The ability of horizontal drilling to reach and extract petroleum from formations that are not accessible with vertical drilling has made it an invaluable technology.

Horizontal drilling allows for an increase in the recoverable petroleum in a given formation, and even increases the production in fields previously thought of as marginal or mature. Horizontal drilling also allows for more economical drilling, and less impact on environmentally sensitive areas. In fact, in some areas in which drilling is not allowed for environmental reasons, it is possible to drill horizontal wells to the targeted deposit without harming the environment above. In addition, with this technology, fewer wells are needed to produce the same amount of hydrocarbons.

A number of advances were crucial to the progression of horizontal drilling. Measurement-while-drilling technology (or 'borehole telemetry') has allowed engineers and geologists to gain up-to-the-minute subsurface information, even while the well is being drilled. This avoids some of the complications of normal logging practices, and greatly increases the drilling engineer's knowledge of the well characteristics. Steerable downhole motor assemblies have also allowed for advances in horizontal drilling. While conventional drilling occasionally employs the use of downhole motors just above the drill bit to penetrate hard formations, steerable drilling motors allow the actual path of the well to be controlled while drilling.

There are three main types of horizontal wells; short-radius, medium-radius, and long-radius. Short-radius wells typically have a curvature radius of 20 to 45 feet, being the 'sharpest turning' of the three types. These wells, which can be easily dug outwards from a previously drilled vertical well, are ideal for increasing the recovery of natural gas or oil from an already developed well. They can also be used to drill non-conventional formations, including coalbed methane and tight sand reservoirs.

Medium-radius wells typically have a curvature radius of 300 to 700 feet, with the horizontal portion of the well measuring up to 3,500 feet. These wells are useful when the drilling target is a long distance away from the drillsite, or where reservoirs are spaced apart underground. Multiple completions may be used to gain access to numerous deposits at the same time.

Long-radius wells typically have a curvature radius of 1,000 to 4,500 feet, and can extend a great distance horizontally. These wells are typically used to reach deposits offshore, where it is economical to drill outwards from a single platform to reach reservoirs inaccessible with vertical drilling.

Horizontal drilling is an important innovation that will likely find countless new applications as the technology is developed. With increasing demand for natural gas, innovations like these will be invaluable to securing and bringing to surface these much needed hydrocarbons.

A. Comprehension

Answer the questions:

1. Why can’t vertical wells be used in all situations?

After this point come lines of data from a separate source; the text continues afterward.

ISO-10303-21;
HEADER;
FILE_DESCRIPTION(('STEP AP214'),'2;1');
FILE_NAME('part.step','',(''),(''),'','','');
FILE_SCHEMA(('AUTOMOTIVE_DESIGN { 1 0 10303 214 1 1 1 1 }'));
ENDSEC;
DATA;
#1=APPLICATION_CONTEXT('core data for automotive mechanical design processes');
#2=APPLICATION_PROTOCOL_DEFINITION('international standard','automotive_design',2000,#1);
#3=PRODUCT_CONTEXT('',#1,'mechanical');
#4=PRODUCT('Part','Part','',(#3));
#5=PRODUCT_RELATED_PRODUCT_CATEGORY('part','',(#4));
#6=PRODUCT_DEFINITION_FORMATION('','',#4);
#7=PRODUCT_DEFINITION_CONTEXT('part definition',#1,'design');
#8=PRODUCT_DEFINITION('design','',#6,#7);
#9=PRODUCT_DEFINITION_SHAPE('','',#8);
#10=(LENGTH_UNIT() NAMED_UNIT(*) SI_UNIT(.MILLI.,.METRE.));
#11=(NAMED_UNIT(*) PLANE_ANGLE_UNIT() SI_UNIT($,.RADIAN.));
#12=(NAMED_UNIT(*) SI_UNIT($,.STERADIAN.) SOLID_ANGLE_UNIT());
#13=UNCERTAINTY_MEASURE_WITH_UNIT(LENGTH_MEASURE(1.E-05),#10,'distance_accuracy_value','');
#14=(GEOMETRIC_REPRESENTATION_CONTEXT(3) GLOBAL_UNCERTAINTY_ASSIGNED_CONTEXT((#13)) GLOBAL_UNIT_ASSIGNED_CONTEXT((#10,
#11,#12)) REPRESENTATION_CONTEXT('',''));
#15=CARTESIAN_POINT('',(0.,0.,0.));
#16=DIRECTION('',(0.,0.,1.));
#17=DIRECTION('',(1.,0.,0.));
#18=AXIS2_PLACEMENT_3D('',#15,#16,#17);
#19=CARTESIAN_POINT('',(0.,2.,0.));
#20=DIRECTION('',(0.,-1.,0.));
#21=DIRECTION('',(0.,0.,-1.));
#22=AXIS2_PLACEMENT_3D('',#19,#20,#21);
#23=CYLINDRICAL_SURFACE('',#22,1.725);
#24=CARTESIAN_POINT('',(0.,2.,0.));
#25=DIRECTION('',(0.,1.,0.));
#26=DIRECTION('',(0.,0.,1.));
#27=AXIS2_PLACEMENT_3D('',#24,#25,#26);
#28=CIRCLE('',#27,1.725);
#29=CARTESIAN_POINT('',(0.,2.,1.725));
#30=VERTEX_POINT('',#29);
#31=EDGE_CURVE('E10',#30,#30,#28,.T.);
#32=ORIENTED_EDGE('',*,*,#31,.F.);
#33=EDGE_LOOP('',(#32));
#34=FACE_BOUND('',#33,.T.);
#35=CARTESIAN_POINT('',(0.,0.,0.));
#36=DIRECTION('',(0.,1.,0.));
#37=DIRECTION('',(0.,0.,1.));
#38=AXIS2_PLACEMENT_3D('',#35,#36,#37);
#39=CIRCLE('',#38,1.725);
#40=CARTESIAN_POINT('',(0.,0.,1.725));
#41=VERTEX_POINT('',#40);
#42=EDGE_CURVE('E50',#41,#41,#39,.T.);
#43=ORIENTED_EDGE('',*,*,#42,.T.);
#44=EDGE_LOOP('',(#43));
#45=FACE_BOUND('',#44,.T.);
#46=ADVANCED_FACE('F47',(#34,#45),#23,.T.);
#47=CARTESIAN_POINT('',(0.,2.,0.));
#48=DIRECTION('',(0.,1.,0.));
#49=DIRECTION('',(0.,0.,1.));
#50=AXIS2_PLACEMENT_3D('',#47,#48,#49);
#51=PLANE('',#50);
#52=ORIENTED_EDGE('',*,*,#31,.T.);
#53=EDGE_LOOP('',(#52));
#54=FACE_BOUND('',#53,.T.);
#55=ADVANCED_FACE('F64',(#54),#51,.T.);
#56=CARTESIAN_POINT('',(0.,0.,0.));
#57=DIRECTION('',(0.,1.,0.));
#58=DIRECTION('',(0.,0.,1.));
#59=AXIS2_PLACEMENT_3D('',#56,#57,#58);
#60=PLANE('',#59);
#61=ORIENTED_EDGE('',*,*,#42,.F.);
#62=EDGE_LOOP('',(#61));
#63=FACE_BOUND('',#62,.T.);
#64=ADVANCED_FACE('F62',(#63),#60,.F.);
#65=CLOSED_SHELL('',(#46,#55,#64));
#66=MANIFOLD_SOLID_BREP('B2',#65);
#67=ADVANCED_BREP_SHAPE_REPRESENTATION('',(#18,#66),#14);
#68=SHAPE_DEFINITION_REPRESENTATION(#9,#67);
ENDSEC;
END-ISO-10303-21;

2. What types of well are now drilled apart from directly vertical?

3. What does directional drilling mean?

4. What reservoirs require directional or horizontal entries?

5. How long have horizontal drilling techniques been applied? Who was the first to introduce this method?

6. What are the benefits of horizontal drilling?

7. How many technological achievements made horizontal drilling possible? Name some of them.

8. How do horizontal wells differ?

9. What is the purpose of each type of a horizontal well?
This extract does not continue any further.